REQUIRED ACTION:
Every record must appear in your copy exactly as written, with no pictures.

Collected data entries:
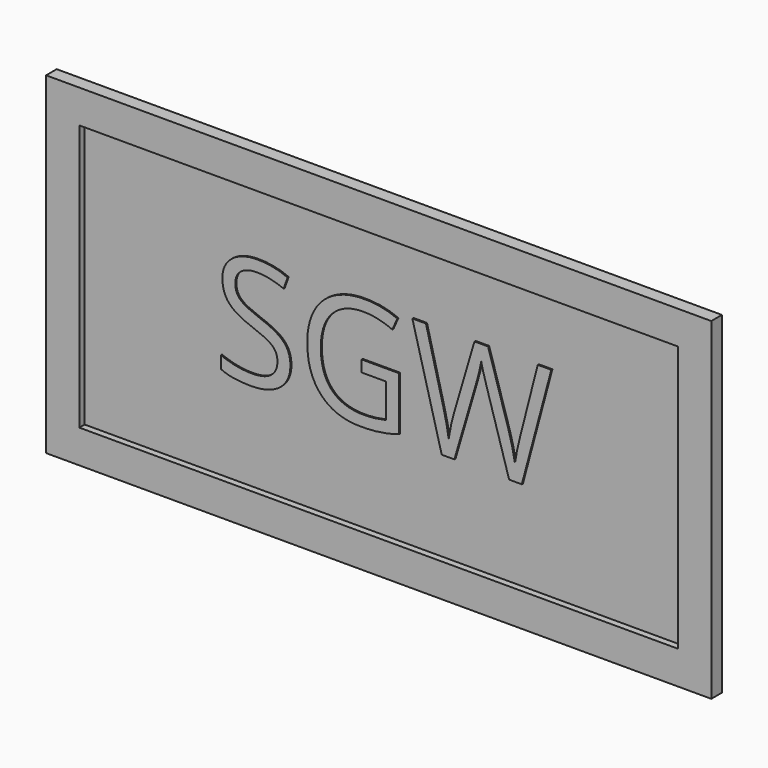
from build123d import *

# Parameters (mm, degrees)
F0_W         = 500
F0_H         = 250
F1_DEPTH     = 10
F2_W         = 450
F2_H         = 200
F3_DEPTH     = 5
F4_W         = 150
F4_H         = 100
F5_DEPTH     = 20
F6_R         = 12.5
F7_DEPTH     = 15
F8_R         = 5
F9_TEXT_SIZE = 116.1902108126
F10_DEPTH    = 1


# Not quite as in the source:
# - Text() gives the source's letters only with a copy of the font that has no kerning and outlines rounded to 1/6400 em; it was checked with that copy


with BuildPart() as f1:
    # F0 (on Front) → F1 (new body)
    with BuildSketch(Plane.XZ):
        with Locations((25.462173009, -18.5891888928)):
            Rectangle(F0_W, F0_H)
    extrude(amount=F1_DEPTH)

    # F2 (on face) → F3 (cut)
    with BuildSketch(Plane.XZ.offset(10)):
        with Locations((25.462173009, -18.5891888928)):
            Rectangle(F2_W, F2_H)
    extrude(amount=-F3_DEPTH, mode=Mode.SUBTRACT)

    # F4 (on face) → F5 (join)
    with BuildSketch(Plane(origin=(0, 0, 0), x_dir=(-1, 0, 0), z_dir=(0, 1, 0))):
        with Locations((-25.462173009, -18.5891888928)):
            Rectangle(F4_W, F4_H)
    extrude(amount=F5_DEPTH)

    # F6 (on face) → F7 (cut)
    with BuildSketch(Plane(origin=(0, 20, 0), x_dir=(-1, 0, 0), z_dir=(0, 1, 0))):
        with Locations((-25.462173009, -18.5891888928)):
            Circle(F6_R)
    extrude(amount=-F7_DEPTH, mode=Mode.SUBTRACT)

    # F8
    f8_edges = [f1.edges().sort_by_distance(p)[0] for p in [
        (100.462173, 10, 31.410811),
        (100.462173, 10, -68.589189),
        (100.462173, 0, -18.589189),
        (100.462173, 20, -18.589189),
        (-49.537827, 10, 31.410811),
        (25.462173, 0, 31.410811),
        (25.462173, 20, 31.410811),
        (-49.537827, 10, -68.589189),
        (-49.537827, 0, -18.589189),
        (-49.537827, 20, -18.589189),
        (25.462173, 0, -68.589189),
        (25.462173, 20, -68.589189),
    ]]
    fillet(f8_edges, radius=F8_R)

    # F9 (on face) → F10 (join)
    with BuildSketch(Plane.XZ.offset(5)):
        with Locations((-102.3107543588, -50.6141148508)):
            Text('SGW', F9_TEXT_SIZE, font='Open Sans', text_align=(TextAlign.LEFT, TextAlign.BOTTOM))
    extrude(amount=F10_DEPTH)


solid = f1.part

TASK SOLUTION:
from build123d import *

# Parameters (mm, degrees)
F0_W         = 500
F0_H         = 250
F1_DEPTH     = 10
F2_W         = 450
F2_H         = 200
F3_DEPTH     = 5
F4_W         = 150
F4_H         = 100
F5_DEPTH     = 20
F6_R         = 12.5
F7_DEPTH     = 15
F8_R         = 5
F9_TEXT_SIZE = 116.1902108126
F10_DEPTH    = 1


# Not quite as in the source:
# - Text() gives the source's letters only with a copy of the font that has no kerning and outlines rounded to 1/6400 em; it was checked with that copy


with BuildPart() as f1:
    # F0 (on Front) → F1 (new body)
    with BuildSketch(Plane.XZ):
        with Locations((25.462173009, -18.5891888928)):
            Rectangle(F0_W, F0_H)
    extrude(amount=F1_DEPTH)

    # F2 (on face) → F3 (cut)
    with BuildSketch(Plane.XZ.offset(10)):
        with Locations((25.462173009, -18.5891888928)):
            Rectangle(F2_W, F2_H)
    extrude(amount=-F3_DEPTH, mode=Mode.SUBTRACT)

    # F4 (on face) → F5 (join)
    with BuildSketch(Plane(origin=(0, 0, 0), x_dir=(-1, 0, 0), z_dir=(0, 1, 0))):
        with Locations((-25.462173009, -18.5891888928)):
            Rectangle(F4_W, F4_H)
    extrude(amount=F5_DEPTH)

    # F6 (on face) → F7 (cut)
    with BuildSketch(Plane(origin=(0, 20, 0), x_dir=(-1, 0, 0), z_dir=(0, 1, 0))):
        with Locations((-25.462173009, -18.5891888928)):
            Circle(F6_R)
    extrude(amount=-F7_DEPTH, mode=Mode.SUBTRACT)

    # F8
    f8_edges = [f1.edges().sort_by_distance(p)[0] for p in [
        (100.462173, 10, 31.410811),
        (100.462173, 10, -68.589189),
        (100.462173, 0, -18.589189),
        (100.462173, 20, -18.589189),
        (-49.537827, 10, 31.410811),
        (25.462173, 0, 31.410811),
        (25.462173, 20, 31.410811),
        (-49.537827, 10, -68.589189),
        (-49.537827, 0, -18.589189),
        (-49.537827, 20, -18.589189),
        (25.462173, 0, -68.589189),
        (25.462173, 20, -68.589189),
    ]]
    fillet(f8_edges, radius=F8_R)

    # F9 (on face) → F10 (join)
    with BuildSketch(Plane.XZ.offset(5)):
        with Locations((-102.3107543588, -50.6141148508)):
            Text('SGW', F9_TEXT_SIZE, font='Open Sans', text_align=(TextAlign.LEFT, TextAlign.BOTTOM))
    extrude(amount=F10_DEPTH)


solid = f1.part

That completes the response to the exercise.